WHAT IS EXPECTED
All lines from the one containing "frequncy = frequncy + 4;" to the end of the data below are to be returned exactly, both ends included, with nothing added.
=== Begin Enclosure ===
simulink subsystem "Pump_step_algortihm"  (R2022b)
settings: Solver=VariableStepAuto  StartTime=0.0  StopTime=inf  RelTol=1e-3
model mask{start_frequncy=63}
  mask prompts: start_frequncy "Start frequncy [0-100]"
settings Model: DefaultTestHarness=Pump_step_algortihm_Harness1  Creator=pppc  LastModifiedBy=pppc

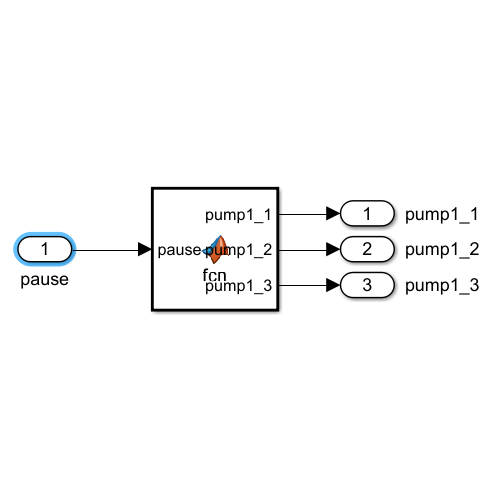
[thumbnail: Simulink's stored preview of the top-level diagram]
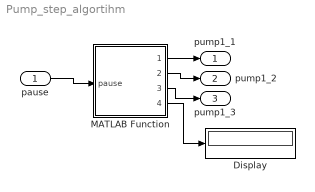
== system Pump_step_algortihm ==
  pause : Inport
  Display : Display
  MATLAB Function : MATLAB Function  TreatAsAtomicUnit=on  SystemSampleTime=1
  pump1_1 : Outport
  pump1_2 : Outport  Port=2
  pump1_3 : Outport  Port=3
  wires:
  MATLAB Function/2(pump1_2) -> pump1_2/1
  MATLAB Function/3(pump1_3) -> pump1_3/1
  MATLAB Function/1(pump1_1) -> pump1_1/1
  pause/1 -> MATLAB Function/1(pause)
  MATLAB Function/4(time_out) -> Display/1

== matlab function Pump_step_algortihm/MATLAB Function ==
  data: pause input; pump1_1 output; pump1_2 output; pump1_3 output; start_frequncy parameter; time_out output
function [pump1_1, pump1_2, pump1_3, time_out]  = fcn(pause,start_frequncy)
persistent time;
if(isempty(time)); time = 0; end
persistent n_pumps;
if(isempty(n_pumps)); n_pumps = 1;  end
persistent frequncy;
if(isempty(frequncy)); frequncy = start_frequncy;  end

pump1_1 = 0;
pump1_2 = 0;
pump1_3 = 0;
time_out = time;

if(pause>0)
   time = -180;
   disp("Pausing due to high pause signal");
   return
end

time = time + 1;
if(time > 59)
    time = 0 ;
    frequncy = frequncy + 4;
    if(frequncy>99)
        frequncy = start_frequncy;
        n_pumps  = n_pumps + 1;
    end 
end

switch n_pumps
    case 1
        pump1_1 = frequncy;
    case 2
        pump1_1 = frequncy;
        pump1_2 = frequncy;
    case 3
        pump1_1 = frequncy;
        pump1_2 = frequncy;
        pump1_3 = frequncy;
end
=== End Enclosure ===
EXPECTED ANSWER
    frequncy = frequncy + 4;
    if(frequncy>99)
        frequncy = start_frequncy;
        n_pumps  = n_pumps + 1;
    end 
end

switch n_pumps
    case 1
        pump1_1 = frequncy;
    case 2
        pump1_1 = frequncy;
        pump1_2 = frequncy;
    case 3
        pump1_1 = frequncy;
        pump1_2 = frequncy;
        pump1_3 = frequncy;
end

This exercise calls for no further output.